--- START ---

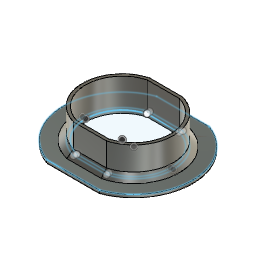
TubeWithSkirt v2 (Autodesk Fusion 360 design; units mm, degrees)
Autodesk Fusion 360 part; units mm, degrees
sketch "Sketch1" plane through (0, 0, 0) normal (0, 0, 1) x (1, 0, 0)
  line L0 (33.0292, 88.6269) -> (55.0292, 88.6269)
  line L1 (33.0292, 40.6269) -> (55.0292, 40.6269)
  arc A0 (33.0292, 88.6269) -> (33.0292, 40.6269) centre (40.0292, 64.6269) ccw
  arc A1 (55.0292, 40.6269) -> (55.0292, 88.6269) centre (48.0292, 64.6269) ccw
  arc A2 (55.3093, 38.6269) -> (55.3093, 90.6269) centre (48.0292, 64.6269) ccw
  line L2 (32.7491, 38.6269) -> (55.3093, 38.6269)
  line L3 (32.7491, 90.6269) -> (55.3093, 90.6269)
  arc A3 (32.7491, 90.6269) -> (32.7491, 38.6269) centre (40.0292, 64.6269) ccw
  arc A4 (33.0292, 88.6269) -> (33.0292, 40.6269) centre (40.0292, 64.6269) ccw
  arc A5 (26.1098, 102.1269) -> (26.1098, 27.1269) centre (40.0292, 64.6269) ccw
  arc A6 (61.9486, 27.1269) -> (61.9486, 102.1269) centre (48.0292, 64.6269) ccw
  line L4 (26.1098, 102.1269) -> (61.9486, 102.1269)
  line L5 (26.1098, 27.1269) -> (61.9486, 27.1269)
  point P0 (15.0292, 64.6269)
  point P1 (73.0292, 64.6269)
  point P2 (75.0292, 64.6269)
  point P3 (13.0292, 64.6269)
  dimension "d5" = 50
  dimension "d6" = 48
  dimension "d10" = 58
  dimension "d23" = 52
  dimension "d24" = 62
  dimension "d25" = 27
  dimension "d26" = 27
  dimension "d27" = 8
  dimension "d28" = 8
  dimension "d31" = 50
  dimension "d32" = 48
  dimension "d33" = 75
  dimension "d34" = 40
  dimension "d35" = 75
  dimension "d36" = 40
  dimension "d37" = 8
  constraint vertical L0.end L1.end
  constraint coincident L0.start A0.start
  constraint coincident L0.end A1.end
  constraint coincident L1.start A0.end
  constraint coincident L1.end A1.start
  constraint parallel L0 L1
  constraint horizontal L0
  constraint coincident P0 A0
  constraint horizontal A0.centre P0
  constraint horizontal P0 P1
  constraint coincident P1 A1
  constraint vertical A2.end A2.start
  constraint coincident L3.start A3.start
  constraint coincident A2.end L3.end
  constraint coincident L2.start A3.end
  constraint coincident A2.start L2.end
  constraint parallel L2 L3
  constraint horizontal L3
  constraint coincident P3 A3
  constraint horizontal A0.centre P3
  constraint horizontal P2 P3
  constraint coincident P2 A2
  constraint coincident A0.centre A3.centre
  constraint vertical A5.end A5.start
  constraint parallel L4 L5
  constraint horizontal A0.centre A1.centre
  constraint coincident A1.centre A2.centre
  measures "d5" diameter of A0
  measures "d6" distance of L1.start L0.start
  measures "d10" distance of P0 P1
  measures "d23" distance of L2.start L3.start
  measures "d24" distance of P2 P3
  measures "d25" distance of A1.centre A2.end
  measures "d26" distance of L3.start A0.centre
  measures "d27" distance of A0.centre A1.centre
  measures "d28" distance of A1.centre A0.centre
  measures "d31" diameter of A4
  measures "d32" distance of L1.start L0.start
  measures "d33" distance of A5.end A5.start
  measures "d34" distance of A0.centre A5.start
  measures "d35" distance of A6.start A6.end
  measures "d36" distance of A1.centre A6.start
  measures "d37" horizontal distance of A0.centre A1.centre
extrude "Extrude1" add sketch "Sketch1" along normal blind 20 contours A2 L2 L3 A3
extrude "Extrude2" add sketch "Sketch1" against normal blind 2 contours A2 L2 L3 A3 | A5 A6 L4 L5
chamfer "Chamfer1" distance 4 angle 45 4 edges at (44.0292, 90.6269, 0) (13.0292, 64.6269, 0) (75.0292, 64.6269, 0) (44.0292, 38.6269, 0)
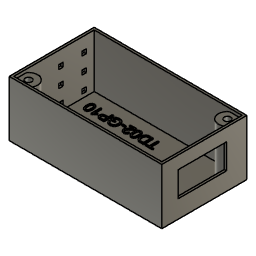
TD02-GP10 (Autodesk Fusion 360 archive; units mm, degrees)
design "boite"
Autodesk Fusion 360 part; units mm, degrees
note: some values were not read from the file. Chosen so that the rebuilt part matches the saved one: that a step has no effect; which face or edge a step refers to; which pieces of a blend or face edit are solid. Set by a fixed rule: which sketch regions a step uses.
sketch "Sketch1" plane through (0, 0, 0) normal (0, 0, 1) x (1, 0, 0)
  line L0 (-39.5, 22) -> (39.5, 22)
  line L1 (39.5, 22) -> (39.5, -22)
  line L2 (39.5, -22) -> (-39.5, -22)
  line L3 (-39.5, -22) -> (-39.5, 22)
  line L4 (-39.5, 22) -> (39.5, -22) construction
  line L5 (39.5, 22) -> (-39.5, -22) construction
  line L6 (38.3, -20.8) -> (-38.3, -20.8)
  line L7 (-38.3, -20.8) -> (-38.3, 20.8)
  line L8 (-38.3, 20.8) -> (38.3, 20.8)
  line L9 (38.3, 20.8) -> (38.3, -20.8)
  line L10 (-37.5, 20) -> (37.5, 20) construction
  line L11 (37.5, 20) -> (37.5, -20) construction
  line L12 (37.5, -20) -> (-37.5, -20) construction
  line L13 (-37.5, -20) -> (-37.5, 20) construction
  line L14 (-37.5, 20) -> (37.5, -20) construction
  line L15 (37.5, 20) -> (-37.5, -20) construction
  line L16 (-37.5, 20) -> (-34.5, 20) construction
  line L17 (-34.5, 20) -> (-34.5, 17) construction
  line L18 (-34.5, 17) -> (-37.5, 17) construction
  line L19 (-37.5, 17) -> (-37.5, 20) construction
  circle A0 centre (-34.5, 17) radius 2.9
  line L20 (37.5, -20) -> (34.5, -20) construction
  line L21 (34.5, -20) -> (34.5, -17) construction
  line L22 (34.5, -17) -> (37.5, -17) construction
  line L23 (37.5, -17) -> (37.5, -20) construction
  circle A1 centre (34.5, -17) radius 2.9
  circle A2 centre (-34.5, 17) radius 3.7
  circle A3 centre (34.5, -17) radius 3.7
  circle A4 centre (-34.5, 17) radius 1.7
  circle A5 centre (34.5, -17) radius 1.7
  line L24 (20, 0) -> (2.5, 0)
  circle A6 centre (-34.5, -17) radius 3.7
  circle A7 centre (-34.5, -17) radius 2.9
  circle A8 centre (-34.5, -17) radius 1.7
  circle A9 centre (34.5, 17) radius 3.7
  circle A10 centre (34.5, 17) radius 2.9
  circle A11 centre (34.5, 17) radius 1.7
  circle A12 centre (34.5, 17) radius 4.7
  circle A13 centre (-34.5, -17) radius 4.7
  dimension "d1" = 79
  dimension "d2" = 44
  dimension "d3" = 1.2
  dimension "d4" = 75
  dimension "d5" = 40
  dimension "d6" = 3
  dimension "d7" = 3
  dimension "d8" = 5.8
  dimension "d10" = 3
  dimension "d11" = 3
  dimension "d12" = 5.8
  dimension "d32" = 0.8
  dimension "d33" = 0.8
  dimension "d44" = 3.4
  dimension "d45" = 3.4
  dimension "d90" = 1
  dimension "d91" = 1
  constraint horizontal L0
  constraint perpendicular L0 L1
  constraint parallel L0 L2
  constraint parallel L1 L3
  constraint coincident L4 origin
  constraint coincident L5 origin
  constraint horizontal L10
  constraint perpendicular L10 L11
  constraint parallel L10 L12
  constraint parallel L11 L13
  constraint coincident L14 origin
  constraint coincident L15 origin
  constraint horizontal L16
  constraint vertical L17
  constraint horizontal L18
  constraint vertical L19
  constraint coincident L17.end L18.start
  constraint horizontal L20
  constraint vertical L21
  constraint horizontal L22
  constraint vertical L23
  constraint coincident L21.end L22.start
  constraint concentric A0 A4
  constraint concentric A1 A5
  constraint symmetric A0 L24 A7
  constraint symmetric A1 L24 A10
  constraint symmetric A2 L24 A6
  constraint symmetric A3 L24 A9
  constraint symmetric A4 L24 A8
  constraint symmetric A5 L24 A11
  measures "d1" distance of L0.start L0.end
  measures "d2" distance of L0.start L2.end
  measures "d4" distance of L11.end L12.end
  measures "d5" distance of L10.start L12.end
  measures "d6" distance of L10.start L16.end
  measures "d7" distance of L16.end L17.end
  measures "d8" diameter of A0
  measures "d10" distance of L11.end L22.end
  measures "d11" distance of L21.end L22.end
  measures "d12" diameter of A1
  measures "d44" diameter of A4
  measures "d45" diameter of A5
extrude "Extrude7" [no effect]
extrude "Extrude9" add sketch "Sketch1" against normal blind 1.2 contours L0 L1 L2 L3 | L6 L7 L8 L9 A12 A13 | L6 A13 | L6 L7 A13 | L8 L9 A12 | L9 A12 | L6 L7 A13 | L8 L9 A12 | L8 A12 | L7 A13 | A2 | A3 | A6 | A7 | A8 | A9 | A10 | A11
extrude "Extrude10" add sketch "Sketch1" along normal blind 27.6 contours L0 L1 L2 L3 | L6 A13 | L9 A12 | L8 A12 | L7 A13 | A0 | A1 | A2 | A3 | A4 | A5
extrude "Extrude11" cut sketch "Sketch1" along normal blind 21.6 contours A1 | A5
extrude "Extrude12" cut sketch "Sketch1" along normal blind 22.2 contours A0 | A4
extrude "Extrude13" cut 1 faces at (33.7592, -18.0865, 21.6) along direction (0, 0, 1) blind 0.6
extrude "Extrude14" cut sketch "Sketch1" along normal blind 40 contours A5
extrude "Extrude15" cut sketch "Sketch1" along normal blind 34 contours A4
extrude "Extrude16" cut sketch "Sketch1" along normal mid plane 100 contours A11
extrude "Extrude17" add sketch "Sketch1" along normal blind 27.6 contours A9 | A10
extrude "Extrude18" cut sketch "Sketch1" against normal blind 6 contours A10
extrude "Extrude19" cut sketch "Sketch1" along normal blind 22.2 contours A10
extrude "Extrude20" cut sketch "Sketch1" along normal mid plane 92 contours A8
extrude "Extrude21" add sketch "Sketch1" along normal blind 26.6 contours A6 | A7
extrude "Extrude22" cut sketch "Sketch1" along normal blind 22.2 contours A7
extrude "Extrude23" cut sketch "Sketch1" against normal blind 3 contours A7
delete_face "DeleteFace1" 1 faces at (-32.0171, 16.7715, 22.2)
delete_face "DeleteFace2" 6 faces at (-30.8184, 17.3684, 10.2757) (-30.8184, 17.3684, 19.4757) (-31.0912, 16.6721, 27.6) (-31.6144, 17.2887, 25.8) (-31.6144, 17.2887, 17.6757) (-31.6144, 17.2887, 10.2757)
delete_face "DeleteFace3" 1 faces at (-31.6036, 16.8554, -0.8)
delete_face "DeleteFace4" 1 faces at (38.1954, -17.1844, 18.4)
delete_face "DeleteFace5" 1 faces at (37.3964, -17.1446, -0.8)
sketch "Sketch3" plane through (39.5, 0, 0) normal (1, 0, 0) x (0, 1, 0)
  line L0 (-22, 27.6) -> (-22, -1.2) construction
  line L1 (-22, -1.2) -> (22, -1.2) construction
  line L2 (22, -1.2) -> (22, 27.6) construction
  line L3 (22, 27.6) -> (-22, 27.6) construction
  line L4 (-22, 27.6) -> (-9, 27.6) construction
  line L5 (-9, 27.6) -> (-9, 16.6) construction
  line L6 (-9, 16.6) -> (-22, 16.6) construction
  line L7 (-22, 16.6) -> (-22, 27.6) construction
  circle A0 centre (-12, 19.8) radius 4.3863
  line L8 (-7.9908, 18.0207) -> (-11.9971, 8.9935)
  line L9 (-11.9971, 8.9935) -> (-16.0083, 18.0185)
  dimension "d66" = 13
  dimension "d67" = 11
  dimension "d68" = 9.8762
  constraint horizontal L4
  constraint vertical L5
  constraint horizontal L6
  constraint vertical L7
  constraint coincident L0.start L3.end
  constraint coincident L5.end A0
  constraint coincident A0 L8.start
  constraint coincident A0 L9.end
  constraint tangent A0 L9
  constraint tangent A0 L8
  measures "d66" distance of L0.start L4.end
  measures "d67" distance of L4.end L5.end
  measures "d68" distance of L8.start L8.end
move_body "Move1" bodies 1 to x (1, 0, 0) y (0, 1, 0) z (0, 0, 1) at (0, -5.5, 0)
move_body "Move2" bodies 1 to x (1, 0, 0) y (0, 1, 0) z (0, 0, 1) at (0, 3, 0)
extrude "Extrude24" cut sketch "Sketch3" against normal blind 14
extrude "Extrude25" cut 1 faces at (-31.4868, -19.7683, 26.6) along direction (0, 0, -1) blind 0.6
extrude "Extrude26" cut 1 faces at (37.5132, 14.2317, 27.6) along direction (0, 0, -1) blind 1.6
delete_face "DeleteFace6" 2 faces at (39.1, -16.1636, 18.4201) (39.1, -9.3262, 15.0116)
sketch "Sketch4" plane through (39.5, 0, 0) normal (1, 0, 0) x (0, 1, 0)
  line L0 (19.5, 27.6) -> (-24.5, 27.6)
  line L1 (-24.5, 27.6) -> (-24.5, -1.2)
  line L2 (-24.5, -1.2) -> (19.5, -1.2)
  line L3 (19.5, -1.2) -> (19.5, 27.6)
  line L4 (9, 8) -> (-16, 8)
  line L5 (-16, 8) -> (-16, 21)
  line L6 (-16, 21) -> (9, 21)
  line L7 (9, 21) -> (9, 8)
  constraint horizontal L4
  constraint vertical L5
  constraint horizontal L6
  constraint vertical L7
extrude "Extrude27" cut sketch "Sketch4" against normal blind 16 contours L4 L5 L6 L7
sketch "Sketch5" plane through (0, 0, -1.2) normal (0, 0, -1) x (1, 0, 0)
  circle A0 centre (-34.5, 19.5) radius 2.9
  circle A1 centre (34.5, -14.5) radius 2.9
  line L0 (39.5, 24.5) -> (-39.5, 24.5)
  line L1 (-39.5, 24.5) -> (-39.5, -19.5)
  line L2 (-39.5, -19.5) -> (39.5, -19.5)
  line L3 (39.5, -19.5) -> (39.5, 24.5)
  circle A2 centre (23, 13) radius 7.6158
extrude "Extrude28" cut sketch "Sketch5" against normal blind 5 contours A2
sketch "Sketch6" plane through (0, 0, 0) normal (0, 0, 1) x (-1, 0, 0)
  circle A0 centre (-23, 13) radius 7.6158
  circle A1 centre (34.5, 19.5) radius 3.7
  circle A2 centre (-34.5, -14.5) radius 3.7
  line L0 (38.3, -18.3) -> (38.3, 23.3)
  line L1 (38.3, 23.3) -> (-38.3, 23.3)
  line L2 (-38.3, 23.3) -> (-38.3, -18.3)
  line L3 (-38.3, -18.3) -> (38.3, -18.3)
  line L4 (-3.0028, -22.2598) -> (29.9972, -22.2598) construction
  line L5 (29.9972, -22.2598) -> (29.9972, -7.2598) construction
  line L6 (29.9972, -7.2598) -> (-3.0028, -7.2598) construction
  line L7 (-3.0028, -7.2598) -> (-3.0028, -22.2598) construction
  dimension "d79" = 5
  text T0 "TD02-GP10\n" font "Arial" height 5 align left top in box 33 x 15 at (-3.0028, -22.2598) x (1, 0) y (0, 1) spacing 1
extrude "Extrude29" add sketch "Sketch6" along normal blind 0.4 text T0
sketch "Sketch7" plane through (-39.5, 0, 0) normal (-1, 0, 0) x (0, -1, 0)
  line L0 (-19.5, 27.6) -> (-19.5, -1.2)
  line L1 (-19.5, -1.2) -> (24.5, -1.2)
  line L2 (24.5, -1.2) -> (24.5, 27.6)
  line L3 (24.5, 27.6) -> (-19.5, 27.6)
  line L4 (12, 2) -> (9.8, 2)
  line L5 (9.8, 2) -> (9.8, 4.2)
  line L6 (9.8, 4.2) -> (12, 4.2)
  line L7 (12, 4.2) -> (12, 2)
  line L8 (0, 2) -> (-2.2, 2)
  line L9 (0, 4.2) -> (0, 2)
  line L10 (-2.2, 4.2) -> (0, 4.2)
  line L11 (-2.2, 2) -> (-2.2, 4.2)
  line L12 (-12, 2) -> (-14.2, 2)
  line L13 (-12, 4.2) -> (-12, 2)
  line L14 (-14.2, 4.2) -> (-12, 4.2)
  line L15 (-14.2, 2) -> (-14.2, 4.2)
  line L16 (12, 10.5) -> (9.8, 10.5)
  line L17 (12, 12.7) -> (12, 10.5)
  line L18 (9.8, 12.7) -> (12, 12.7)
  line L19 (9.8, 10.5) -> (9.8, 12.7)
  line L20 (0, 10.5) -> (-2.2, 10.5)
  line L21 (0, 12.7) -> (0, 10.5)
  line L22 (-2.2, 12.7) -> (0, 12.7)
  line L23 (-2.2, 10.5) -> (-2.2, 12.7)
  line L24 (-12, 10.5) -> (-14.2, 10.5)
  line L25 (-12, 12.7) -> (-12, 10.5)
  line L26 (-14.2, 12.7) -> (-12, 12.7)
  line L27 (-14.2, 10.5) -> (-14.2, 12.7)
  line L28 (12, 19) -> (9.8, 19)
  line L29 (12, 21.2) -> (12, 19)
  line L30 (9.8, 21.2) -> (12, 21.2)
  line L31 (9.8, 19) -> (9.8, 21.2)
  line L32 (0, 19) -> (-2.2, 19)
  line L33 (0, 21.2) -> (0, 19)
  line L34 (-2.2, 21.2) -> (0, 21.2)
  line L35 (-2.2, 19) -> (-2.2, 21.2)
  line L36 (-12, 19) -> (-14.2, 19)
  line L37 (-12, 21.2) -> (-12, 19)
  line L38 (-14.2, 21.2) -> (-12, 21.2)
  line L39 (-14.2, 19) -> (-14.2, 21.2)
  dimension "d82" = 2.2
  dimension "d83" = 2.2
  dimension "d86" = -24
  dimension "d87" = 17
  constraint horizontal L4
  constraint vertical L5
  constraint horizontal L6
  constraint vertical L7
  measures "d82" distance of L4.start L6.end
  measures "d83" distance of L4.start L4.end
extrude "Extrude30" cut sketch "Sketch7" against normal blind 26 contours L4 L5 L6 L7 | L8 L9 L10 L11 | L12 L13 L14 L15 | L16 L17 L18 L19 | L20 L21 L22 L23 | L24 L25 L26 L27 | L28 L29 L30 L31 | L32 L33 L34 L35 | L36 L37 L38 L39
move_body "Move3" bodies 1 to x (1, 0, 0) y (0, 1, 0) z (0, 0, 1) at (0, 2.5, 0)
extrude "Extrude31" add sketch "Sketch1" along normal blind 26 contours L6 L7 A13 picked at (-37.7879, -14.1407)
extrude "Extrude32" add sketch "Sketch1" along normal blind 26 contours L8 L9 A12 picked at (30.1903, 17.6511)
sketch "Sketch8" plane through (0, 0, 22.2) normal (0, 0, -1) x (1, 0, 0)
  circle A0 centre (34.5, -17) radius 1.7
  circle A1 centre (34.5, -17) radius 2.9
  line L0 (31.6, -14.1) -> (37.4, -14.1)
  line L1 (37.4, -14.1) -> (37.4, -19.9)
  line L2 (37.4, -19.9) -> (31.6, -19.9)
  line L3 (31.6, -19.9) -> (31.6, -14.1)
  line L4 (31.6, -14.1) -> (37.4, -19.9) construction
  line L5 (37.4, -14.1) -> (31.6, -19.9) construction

--- END ---

Using the data above, print exactly the lines from the line that contains "constraint coincident L4 origin" through the line that contains "A3 | A4 | A5", with both included.

> Answer space
  constraint coincident L4 origin
  constraint coincident L5 origin
  constraint horizontal L10
  constraint perpendicular L10 L11
  constraint parallel L10 L12
  constraint parallel L11 L13
  constraint coincident L14 origin
  constraint coincident L15 origin
  constraint horizontal L16
  constraint vertical L17
  constraint horizontal L18
  constraint vertical L19
  constraint coincident L17.end L18.start
  constraint horizontal L20
  constraint vertical L21
  constraint horizontal L22
  constraint vertical L23
  constraint coincident L21.end L22.start
  constraint concentric A0 A4
  constraint concentric A1 A5
  constraint symmetric A0 L24 A7
  constraint symmetric A1 L24 A10
  constraint symmetric A2 L24 A6
  constraint symmetric A3 L24 A9
  constraint symmetric A4 L24 A8
  constraint symmetric A5 L24 A11
  measures "d1" distance of L0.start L0.end
  measures "d2" distance of L0.start L2.end
  measures "d4" distance of L11.end L12.end
  measures "d5" distance of L10.start L12.end
  measures "d6" distance of L10.start L16.end
  measures "d7" distance of L16.end L17.end
  measures "d8" diameter of A0
  measures "d10" distance of L11.end L22.end
  measures "d11" distance of L21.end L22.end
  measures "d12" diameter of A1
  measures "d44" diameter of A4
  measures "d45" diameter of A5
extrude "Extrude7" [no effect]
extrude "Extrude9" add sketch "Sketch1" against normal blind 1.2 contours L0 L1 L2 L3 | L6 L7 L8 L9 A12 A13 | L6 A13 | L6 L7 A13 | L8 L9 A12 | L9 A12 | L6 L7 A13 | L8 L9 A12 | L8 A12 | L7 A13 | A2 | A3 | A6 | A7 | A8 | A9 | A10 | A11
extrude "Extrude10" add sketch "Sketch1" along normal blind 27.6 contours L0 L1 L2 L3 | L6 A13 | L9 A12 | L8 A12 | L7 A13 | A0 | A1 | A2 | A3 | A4 | A5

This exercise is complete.